## Task requirements
The response must reproduce exactly every line of the material below holding the word "copper".
*** Opening of Material provided ***
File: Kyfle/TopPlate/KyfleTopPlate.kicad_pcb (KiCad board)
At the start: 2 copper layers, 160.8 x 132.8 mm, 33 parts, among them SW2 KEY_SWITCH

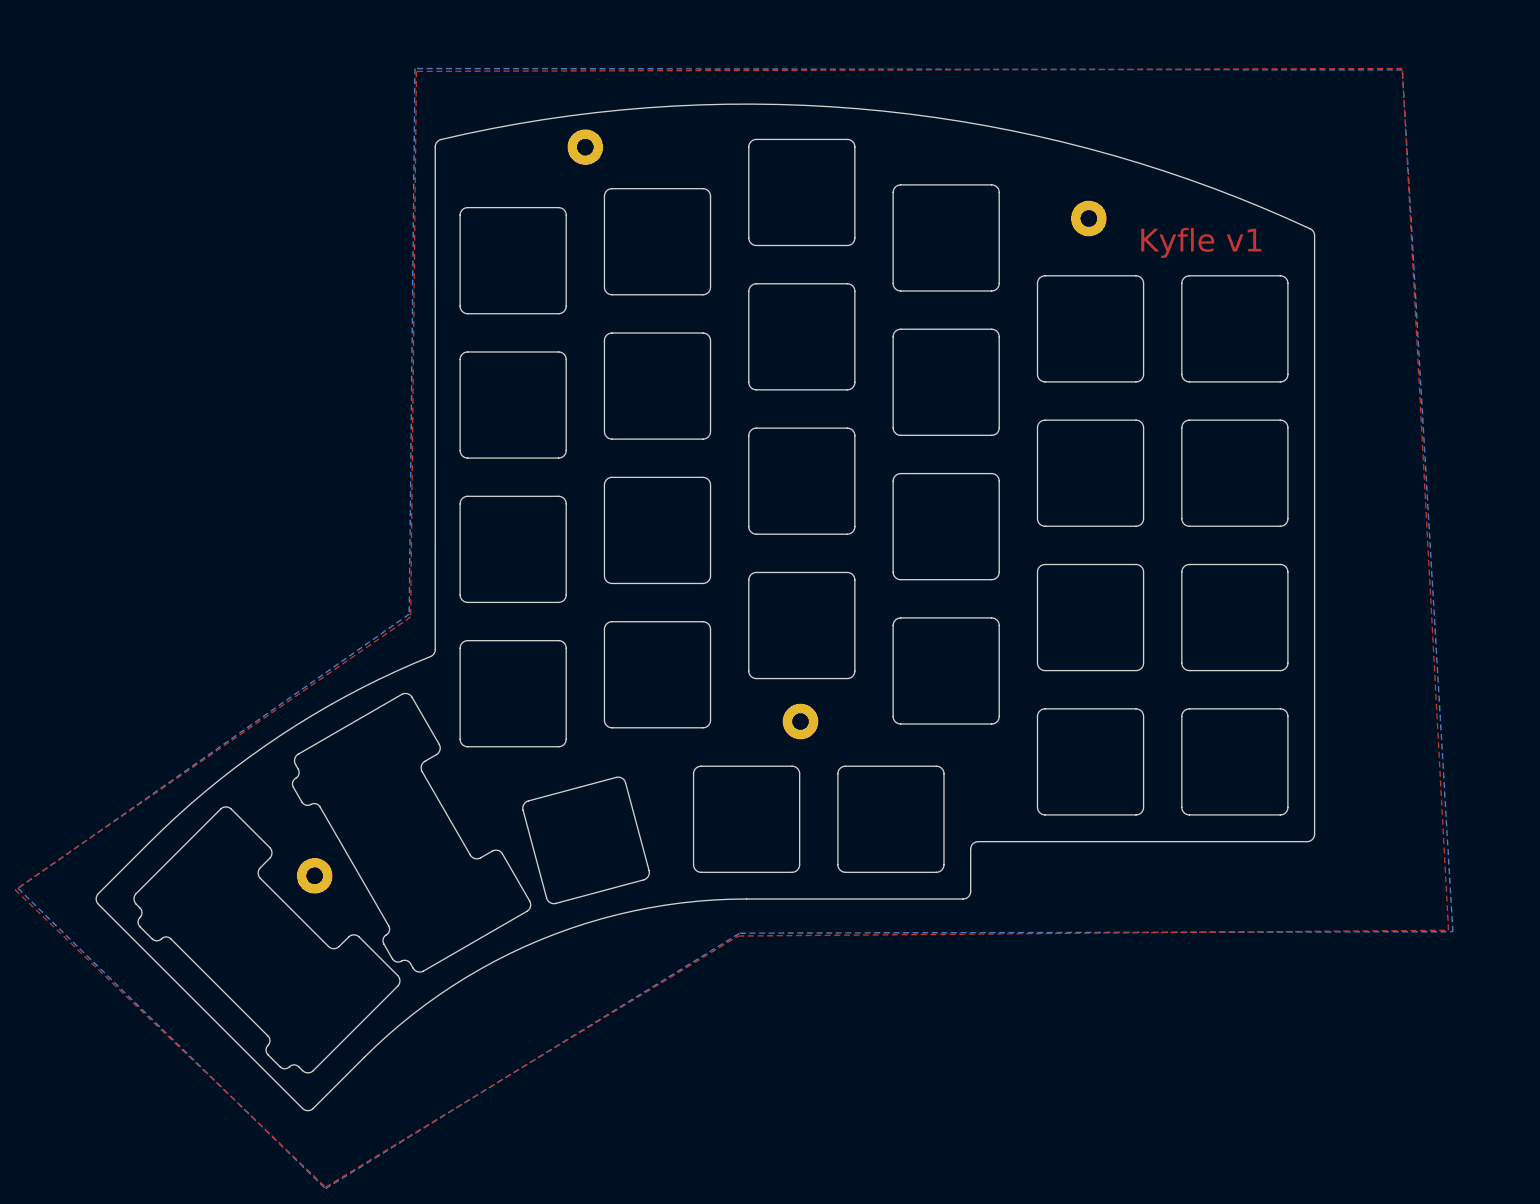
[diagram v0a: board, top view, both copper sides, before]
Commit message: Added tenting holes and reviewed mechanical fixture solutions.
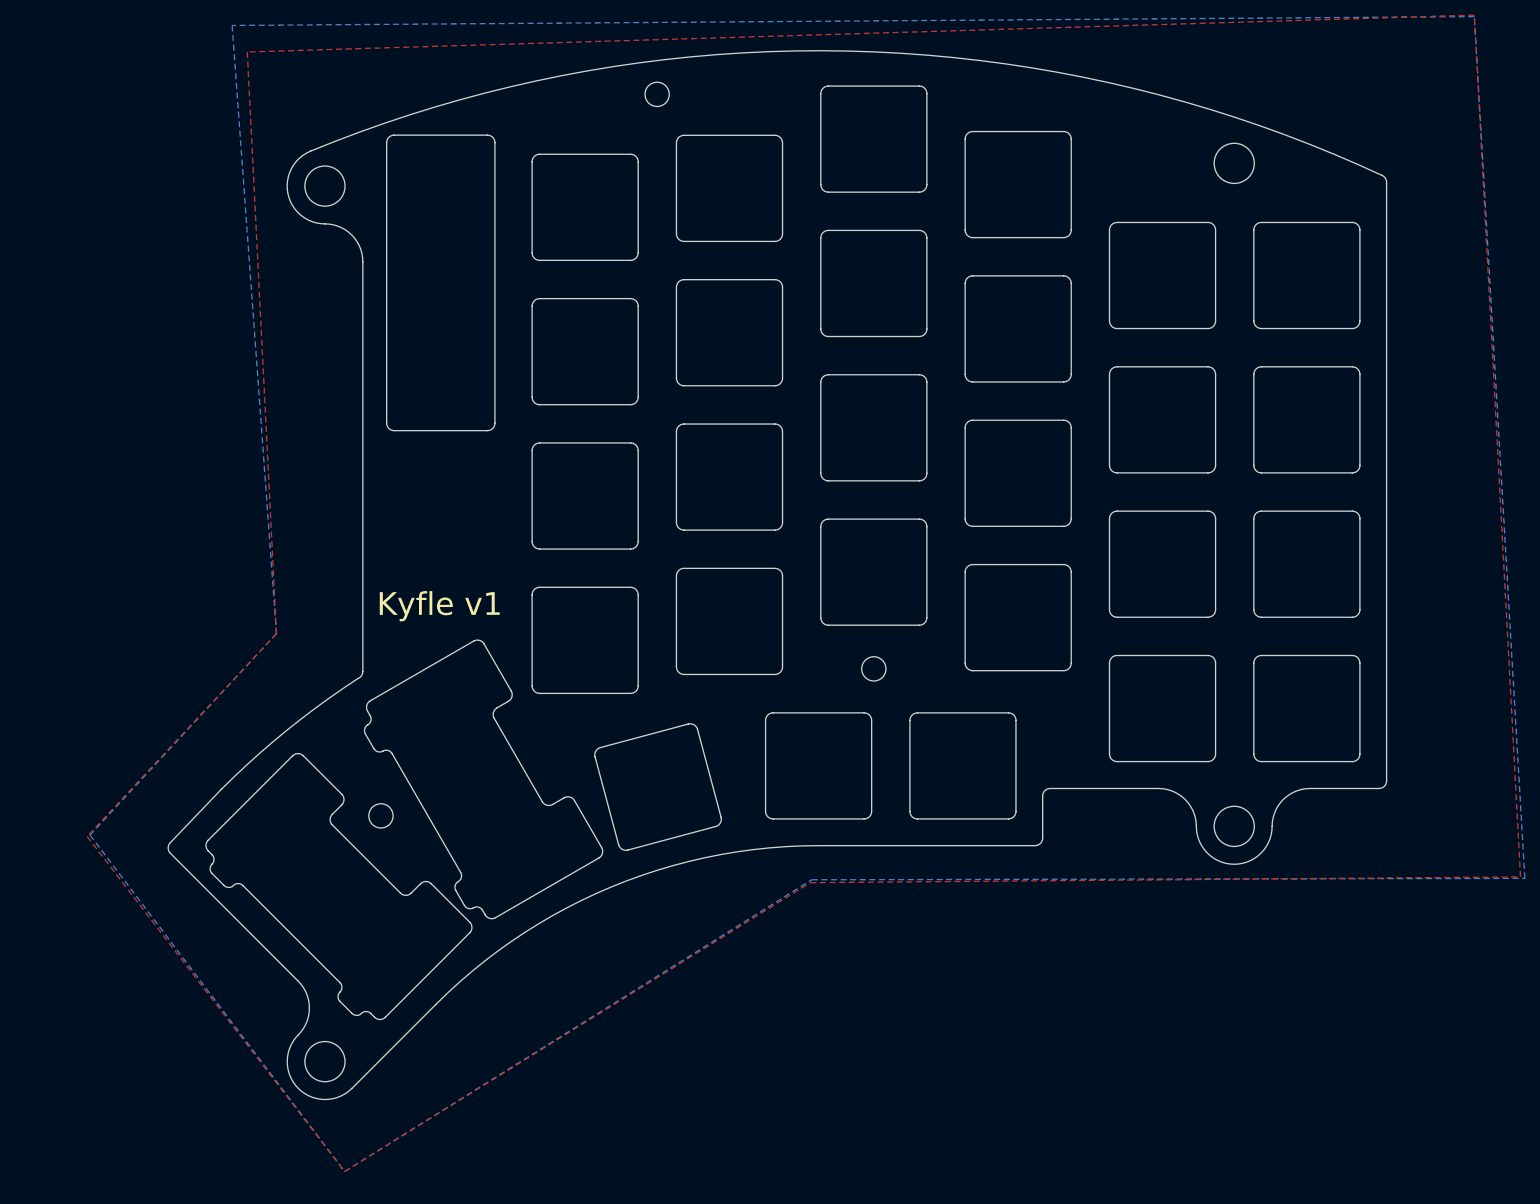
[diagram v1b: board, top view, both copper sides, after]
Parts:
- removed the SW2 at (140.5, 87.0)
- removed the SW2 at (140.5, 106.1)
- removed the SW2 at (140.5, 68.0)
- removed the SW2 at (140.5, 48.9)
- removed the SW2 at (152.3, 125.2)
- removed the SW2 at (159.5, 99.6)
- removed the SW2 at (159.5, 80.5)
- removed the SW2 at (159.5, 61.5)
- removed the SW2 at (159.5, 42.4)
- removed the SW2 at (171.3, 125.2)
- removed the SW2 at (178.6, 105.6)
- removed the SW2 at (87.6, 142.4)
- removed the SW2 at (178.6, 86.5)
- removed the SW2 at (178.6, 67.5)
- removed the SW2 at (178.6, 48.4)
- removed the SW2 at (197.6, 117.6)
- removed the SW2 at (216.7, 98.5)
- removed the SW2 at (197.6, 98.5)
- removed the SW2 at (216.7, 79.5)
- removed the SW2 at (197.6, 79.5)
- removed the SW2 at (197.6, 60.4)
- removed the SW2 at (216.7, 60.4)
- removed the SW2 at (106.6, 127.9)
- removed the SW2 at (131.1, 128.0)
- removed the SW2 at (216.7, 117.6)
- removed the SW2 at (121.4, 108.6)
- removed the SW2 at (121.4, 89.5)
- removed the SW2 at (121.4, 70.5)
- removed the SW2 at (121.4, 51.4)
- removed TH4, TH6: HOLE, SofleKeyboard-footprint:HOLE_M2_TH
- removed the TH7 at (95.3, 132.6)
- added REF**: MountingHole_5.3mm_M5_ISO14580, MountingHole:MountingHole_5.3mm_M5_ISO14580, F.Cu at (96.6, 157.1)
- added REF**: MountingHole_5.3mm_M5_ISO14580, MountingHole:MountingHole_5.3mm_M5_ISO14580, F.Cu at (96.6, 41.6)
- added REF**: MountingHole_5.3mm_M5_ISO14580, MountingHole:MountingHole_5.3mm_M5_ISO14580, F.Cu at (216.6, 126.1)
- added REF**: MountingHole_5.3mm_M5_ISO14580, MountingHole:MountingHole_5.3mm_M5_ISO14580, F.Cu at (216.6, 38.6)
- added SW2: PRO MICRO, SofleChocTop:SU120_ProMicro, F.Cu at (111.9, 63.5)
- added SW2: KEY_SWITCH, SofleChocTop:SW_Hole, F.Cu at (130.9, 44.4)
- added SW2: KEY_SWITCH, SofleChocTop:SW_Hole, F.Cu at (150.0, 99.0)
- added SW2: KEY_SWITCH, SofleChocTop:SW_Hole, F.Cu at (150.0, 61.0)
- added SW2: KEY_SWITCH, SofleChocTop:SW_Hole, F.Cu at (150.0, 41.9)
- added SW2: KEY_SWITCH, SofleChocTop:SW_Hole, F.Cu at (161.8, 118.1)
- added SW2: KEY_SWITCH, SofleChocTop:SW_Hole, F.Cu at (169.1, 92.5)
- added SW2: KEY_SWITCH, SofleChocTop:SW_Hole, F.Cu at (169.1, 73.5)
- added SW2: KEY_SWITCH, SofleChocTop:SW_Hole, F.Cu at (169.1, 54.5)
- added SW2: KEY_SWITCH, SofleChocTop:SW_Hole, F.Cu at (169.1, 35.4)
- added SW2: KEY_SWITCH, SofleChocTop:SW_Hole, F.Cu at (180.8, 118.1)
- added SW2: KEY_SWITCH, SofleChocTop:SW_Hole, F.Cu at (150.0, 80.0)
- added SW2: KEY_SWITCH, SofleChocTop:SW_Hole, F.Cu at (188.1, 98.5)
- added SW2: KEY_SWITCH, SofleChocTop:SW_Hole, F.Cu at (188.1, 79.5)
- added SW2: KEY_SWITCH, SofleChocTop:SW_Hole, F.Cu at (188.1, 60.5)
- added SW2: KEY_SWITCH, SofleChocTop:SW_Hole, F.Cu at (188.1, 41.4)
- added SW2: KEY_SWITCH, SofleChocTop:SW_Hole, F.Cu at (207.2, 110.5)
- added SW2: KEY_SWITCH, SofleChocTop:SW_Hole, F.Cu at (226.2, 91.5)
- added SW2: KEY_SWITCH, SofleChocTop:SW_Hole, F.Cu at (207.2, 91.5)
- added SW2: KEY_SWITCH, SofleChocTop:SW_Hole, F.Cu at (226.2, 72.5)
- added SW2: KEY_SWITCH, SofleChocTop:SW_Hole, F.Cu at (207.2, 72.5)
- added SW2: KEY_SWITCH, SofleChocTop:SW_Hole, F.Cu at (207.2, 53.4)
- added SW2: KEY_SWITCH, SofleChocTop:SW_Hole_2u, F.Cu at (97.1, 135.4)
- added SW2: KEY_SWITCH, SofleChocTop:SW_Hole, F.Cu at (226.2, 53.4)
- added SW2: KEY_SWITCH, SofleChocTop:SW_Hole_2u, F.Cu at (116.1, 120.8)
- added SW2: KEY_SWITCH, SofleChocTop:SW_Hole, F.Cu at (140.6, 120.9)
- added SW2: KEY_SWITCH, SofleChocTop:SW_Hole, F.Cu at (226.2, 110.5)
- added SW2: KEY_SWITCH, SofleChocTop:SW_Hole, F.Cu at (130.9, 101.5)
- added SW2: KEY_SWITCH, SofleChocTop:SW_Hole, F.Cu at (130.9, 82.5)
- added SW2: KEY_SWITCH, SofleChocTop:SW_Hole, F.Cu at (130.9, 63.5)
- added TH7: HOLE, MountingHole:MountingHole_3.2mm_M3_ISO14580, F.Cu at (169.1, 105.3)
- added TH7: HOLE, MountingHole:MountingHole_3.2mm_M3_ISO14580, F.Cu at (104.0, 124.7)
- TH3: footprint SofleKeyboard-footprint:HOLE_M2_TH -> MountingHole:MountingHole_3.2mm_M3_ISO14580
- moved TH3 11.8 mm to (140.4, 29.5)
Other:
- board size 160.8 x 132.8 mm -> 160.8 x 138.4 mm

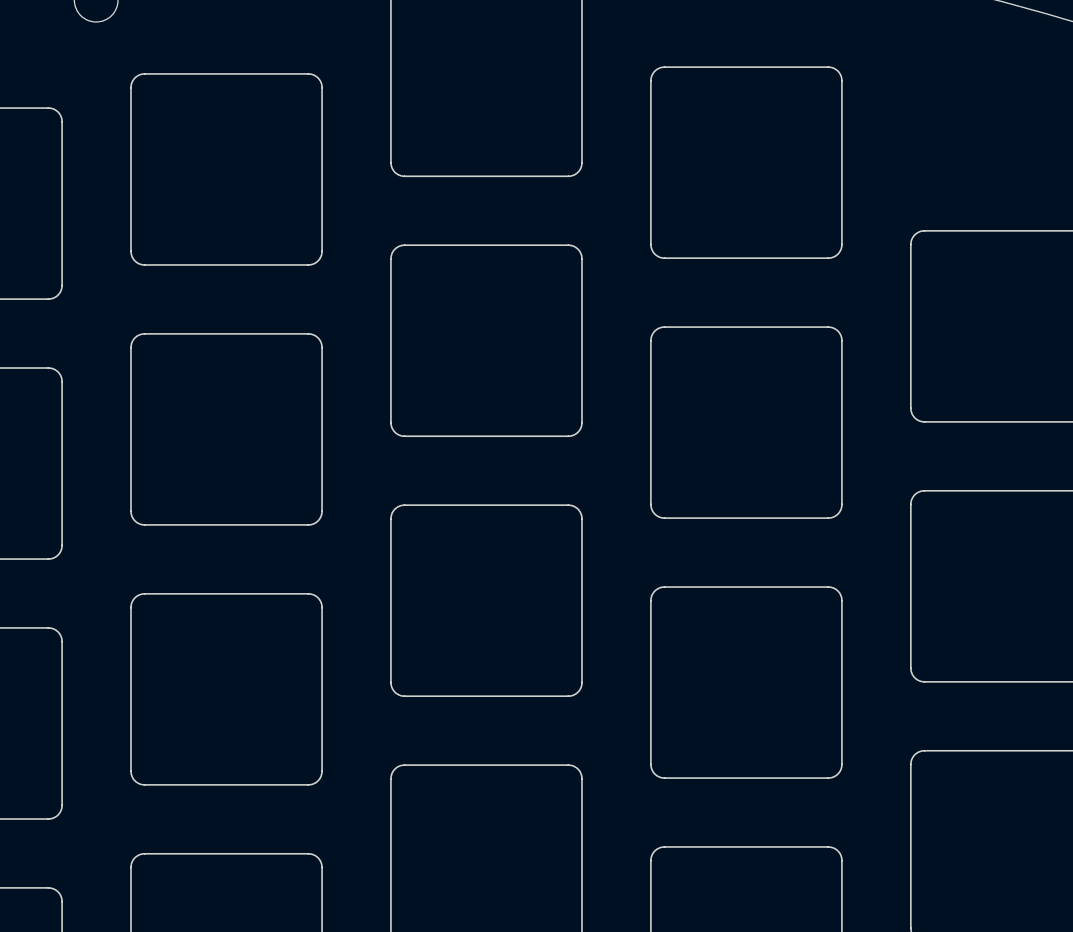
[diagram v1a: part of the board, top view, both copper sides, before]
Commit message: Working on solutions to hold the main PCB.
Also cleaned a bit the layers by separating physical dimensions (CrtYrd), functional wiring (Fab) and other construction lines (User).
Completed the wiring template.
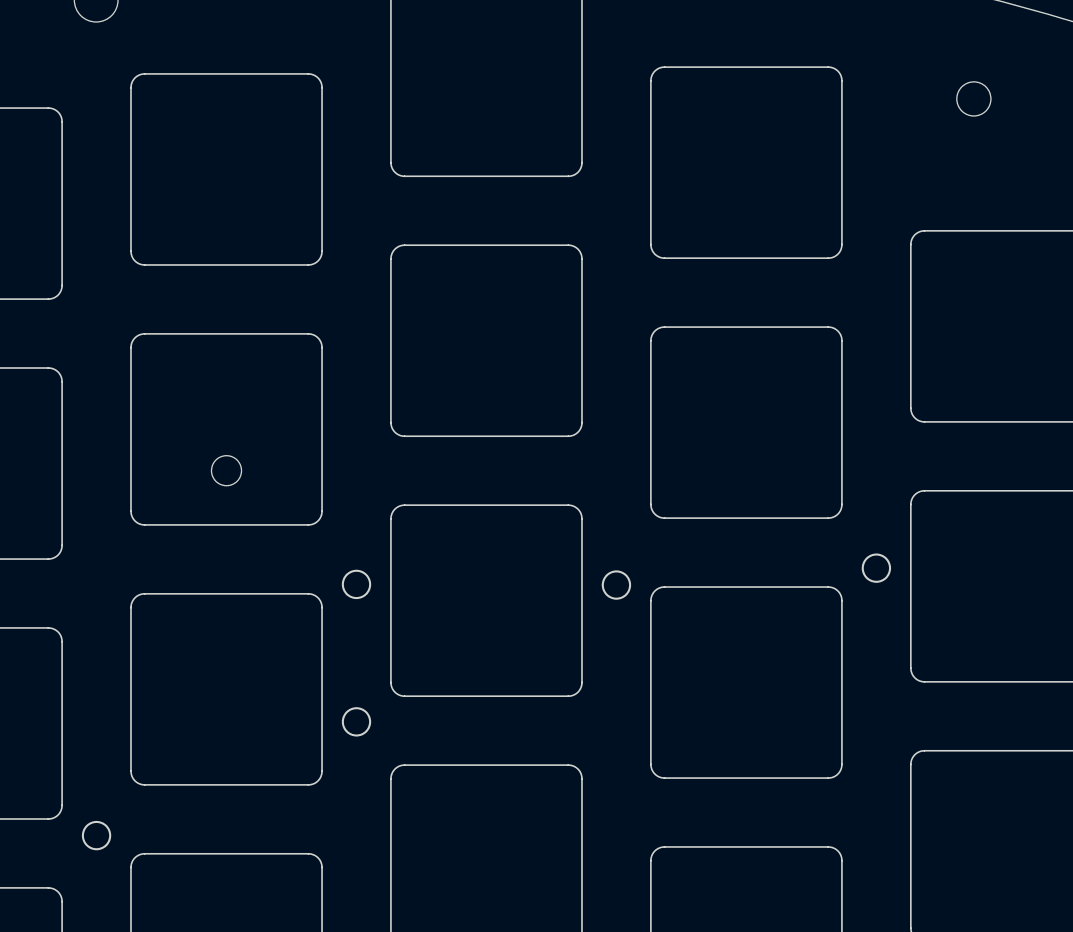
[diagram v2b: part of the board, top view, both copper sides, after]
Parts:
- added REF**: MountingHole_2.2mm_M2_ISO14580, MountingHole:MountingHole_2.2mm_M2_ISO14580, F.Cu at (150.0, 64.0)
- added SW2: KEY_SWITCH, SofleChocTop:SK6812_Bit, F.Cu at (204.8, 36.7)
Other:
- outline, holes or cut-outs redrawn
*** Close of Material provided ***
## Solution for this exercise
At the start: 2 copper layers, 160.8 x 132.8 mm, 33 parts, among them SW2 KEY_SWITCH
[diagram v0a: board, top view, both copper sides, before]
[diagram v1b: board, top view, both copper sides, after]
[diagram v1a: part of the board, top view, both copper sides, before]
[diagram v2b: part of the board, top view, both copper sides, after]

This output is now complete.